Your goal → Starting with the opening line of the entries below, transcribe each line exactly up to and including the one that has "import ezdxf"; pictures are not copied.
━━ Excerpted records
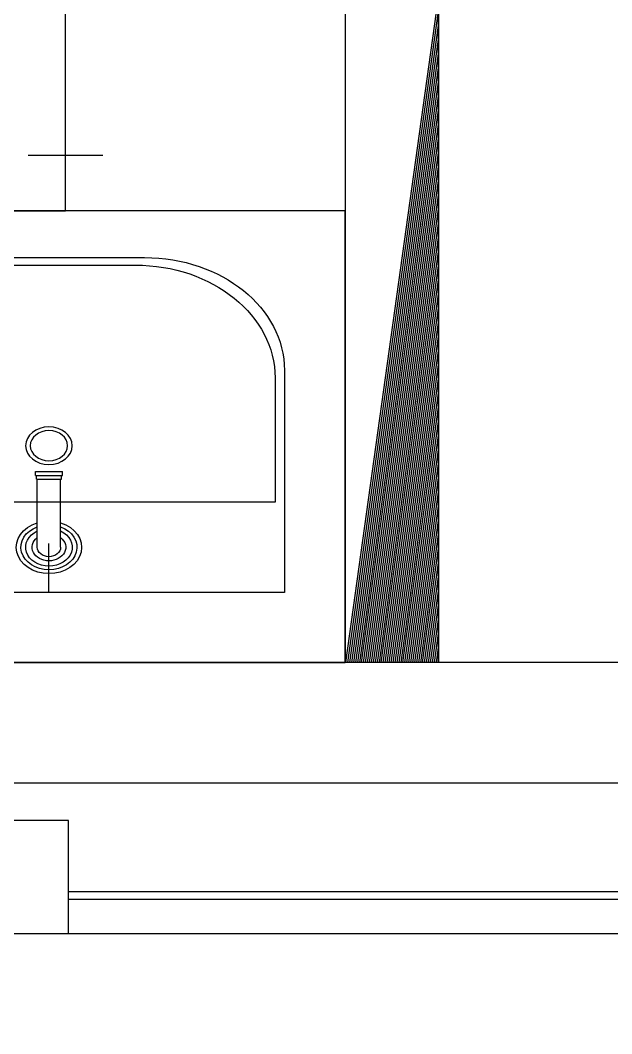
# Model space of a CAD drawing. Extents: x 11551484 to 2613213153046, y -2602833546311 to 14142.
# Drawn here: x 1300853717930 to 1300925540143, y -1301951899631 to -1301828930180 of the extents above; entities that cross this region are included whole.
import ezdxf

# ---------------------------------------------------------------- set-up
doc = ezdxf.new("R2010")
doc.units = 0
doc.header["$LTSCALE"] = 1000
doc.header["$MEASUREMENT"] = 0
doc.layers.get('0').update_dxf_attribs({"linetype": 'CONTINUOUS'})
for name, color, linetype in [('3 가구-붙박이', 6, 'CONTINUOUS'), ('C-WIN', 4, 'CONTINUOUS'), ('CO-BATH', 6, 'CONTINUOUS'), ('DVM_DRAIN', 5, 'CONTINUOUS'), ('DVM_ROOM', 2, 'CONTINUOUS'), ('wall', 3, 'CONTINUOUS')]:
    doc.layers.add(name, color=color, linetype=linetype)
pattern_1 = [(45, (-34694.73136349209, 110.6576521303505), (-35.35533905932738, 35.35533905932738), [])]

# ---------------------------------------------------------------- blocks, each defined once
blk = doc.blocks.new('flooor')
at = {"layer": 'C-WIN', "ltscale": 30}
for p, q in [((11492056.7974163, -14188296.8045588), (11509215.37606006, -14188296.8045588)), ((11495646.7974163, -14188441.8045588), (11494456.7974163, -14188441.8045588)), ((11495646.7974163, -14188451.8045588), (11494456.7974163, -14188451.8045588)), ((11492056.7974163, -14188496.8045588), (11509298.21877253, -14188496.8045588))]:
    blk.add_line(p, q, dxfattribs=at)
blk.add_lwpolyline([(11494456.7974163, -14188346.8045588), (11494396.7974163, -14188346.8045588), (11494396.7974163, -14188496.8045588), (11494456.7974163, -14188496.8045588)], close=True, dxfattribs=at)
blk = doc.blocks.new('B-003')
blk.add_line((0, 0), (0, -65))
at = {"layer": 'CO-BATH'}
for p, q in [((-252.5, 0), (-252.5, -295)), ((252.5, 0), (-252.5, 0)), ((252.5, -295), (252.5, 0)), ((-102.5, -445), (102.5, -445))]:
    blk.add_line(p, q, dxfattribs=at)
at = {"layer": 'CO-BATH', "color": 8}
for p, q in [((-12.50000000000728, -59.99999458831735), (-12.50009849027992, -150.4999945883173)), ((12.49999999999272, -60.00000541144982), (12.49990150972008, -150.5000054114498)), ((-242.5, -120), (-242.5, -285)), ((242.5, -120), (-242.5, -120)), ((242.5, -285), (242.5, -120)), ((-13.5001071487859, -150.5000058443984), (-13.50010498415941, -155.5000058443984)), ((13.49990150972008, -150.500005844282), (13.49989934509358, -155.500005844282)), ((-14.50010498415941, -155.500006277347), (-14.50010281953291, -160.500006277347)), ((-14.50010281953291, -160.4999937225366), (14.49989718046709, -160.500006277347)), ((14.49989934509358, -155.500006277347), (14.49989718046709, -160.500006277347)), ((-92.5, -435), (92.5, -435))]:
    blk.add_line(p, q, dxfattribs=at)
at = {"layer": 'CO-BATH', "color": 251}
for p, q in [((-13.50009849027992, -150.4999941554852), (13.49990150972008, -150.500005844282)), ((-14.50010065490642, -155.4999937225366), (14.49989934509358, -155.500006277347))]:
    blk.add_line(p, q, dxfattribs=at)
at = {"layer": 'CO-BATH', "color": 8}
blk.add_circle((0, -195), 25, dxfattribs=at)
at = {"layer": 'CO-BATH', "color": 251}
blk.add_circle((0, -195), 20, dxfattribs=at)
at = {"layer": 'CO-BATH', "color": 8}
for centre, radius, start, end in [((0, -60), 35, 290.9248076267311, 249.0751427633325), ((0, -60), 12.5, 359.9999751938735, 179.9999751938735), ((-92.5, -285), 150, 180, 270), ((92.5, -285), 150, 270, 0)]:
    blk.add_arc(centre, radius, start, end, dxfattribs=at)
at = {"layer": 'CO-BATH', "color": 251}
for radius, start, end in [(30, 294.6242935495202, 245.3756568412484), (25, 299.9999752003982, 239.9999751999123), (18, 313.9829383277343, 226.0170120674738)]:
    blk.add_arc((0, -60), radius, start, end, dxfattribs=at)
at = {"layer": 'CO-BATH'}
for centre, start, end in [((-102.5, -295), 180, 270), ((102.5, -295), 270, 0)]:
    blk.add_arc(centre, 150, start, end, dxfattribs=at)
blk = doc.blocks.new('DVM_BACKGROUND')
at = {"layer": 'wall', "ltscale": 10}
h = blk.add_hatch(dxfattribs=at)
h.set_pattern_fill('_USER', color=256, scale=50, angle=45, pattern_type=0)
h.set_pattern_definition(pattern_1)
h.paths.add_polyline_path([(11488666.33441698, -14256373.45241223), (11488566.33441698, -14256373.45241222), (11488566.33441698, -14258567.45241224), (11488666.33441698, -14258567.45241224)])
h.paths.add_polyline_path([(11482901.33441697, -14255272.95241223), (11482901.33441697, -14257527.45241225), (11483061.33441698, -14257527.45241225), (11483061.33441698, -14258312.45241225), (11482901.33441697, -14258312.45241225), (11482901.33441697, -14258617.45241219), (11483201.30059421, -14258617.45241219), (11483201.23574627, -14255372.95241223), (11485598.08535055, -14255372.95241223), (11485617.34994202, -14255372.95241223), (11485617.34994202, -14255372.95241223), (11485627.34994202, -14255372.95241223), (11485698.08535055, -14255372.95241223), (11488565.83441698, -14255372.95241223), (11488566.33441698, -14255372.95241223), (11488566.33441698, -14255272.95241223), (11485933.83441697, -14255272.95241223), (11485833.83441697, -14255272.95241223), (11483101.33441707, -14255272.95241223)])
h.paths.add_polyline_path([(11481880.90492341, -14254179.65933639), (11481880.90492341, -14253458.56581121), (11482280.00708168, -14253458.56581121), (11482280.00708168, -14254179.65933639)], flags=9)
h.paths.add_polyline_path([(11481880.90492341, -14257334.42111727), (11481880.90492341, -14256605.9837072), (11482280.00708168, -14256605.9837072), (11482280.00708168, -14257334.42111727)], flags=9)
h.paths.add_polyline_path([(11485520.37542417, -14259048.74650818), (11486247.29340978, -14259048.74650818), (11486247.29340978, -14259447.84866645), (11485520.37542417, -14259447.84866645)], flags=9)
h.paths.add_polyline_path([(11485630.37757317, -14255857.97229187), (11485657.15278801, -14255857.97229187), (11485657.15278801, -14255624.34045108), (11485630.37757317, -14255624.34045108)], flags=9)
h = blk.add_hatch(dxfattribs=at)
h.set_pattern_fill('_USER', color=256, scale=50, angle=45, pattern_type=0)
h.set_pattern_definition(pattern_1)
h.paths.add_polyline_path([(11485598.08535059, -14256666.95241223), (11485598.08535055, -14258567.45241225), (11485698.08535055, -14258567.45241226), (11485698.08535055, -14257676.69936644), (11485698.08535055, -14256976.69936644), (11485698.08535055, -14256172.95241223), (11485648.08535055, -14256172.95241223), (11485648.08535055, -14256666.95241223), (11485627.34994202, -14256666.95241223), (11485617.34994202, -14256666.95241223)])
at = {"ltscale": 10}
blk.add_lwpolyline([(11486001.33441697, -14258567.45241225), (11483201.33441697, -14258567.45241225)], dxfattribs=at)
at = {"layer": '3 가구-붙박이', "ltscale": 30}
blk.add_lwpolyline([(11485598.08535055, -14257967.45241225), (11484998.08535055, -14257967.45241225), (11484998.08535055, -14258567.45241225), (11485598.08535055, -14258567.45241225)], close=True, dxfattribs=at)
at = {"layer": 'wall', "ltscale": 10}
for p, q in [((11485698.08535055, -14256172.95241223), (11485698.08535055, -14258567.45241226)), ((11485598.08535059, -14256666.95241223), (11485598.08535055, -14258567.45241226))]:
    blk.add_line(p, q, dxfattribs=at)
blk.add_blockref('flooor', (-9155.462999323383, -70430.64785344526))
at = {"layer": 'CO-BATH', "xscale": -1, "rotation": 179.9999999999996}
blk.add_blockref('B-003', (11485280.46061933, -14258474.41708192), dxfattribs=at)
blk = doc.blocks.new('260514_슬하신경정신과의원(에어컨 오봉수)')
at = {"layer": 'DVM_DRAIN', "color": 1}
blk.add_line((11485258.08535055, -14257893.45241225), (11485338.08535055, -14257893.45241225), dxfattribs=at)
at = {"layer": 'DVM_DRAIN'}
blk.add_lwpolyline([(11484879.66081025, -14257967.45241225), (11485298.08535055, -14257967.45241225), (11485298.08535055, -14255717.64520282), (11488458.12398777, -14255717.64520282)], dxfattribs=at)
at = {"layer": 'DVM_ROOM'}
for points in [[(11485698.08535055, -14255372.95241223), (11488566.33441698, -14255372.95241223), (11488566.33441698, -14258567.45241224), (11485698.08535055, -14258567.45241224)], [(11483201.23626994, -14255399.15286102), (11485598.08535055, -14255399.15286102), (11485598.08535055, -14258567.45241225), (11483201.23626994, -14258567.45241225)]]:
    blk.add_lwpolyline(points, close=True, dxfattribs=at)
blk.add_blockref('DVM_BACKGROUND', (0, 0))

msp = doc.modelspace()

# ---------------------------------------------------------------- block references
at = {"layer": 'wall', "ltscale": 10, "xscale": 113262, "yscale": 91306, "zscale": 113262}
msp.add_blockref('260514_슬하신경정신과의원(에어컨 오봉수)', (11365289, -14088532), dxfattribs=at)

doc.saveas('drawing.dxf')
━━━━
Solution for this exercise →
# Model space of a CAD drawing. Extents: x 11551484 to 2613213153046, y -2602833546311 to 14142.
# Drawn here: x 1300853717930 to 1300925540143, y -1301951899631 to -1301828930180 of the extents above; entities that cross this region are included whole.
import ezdxf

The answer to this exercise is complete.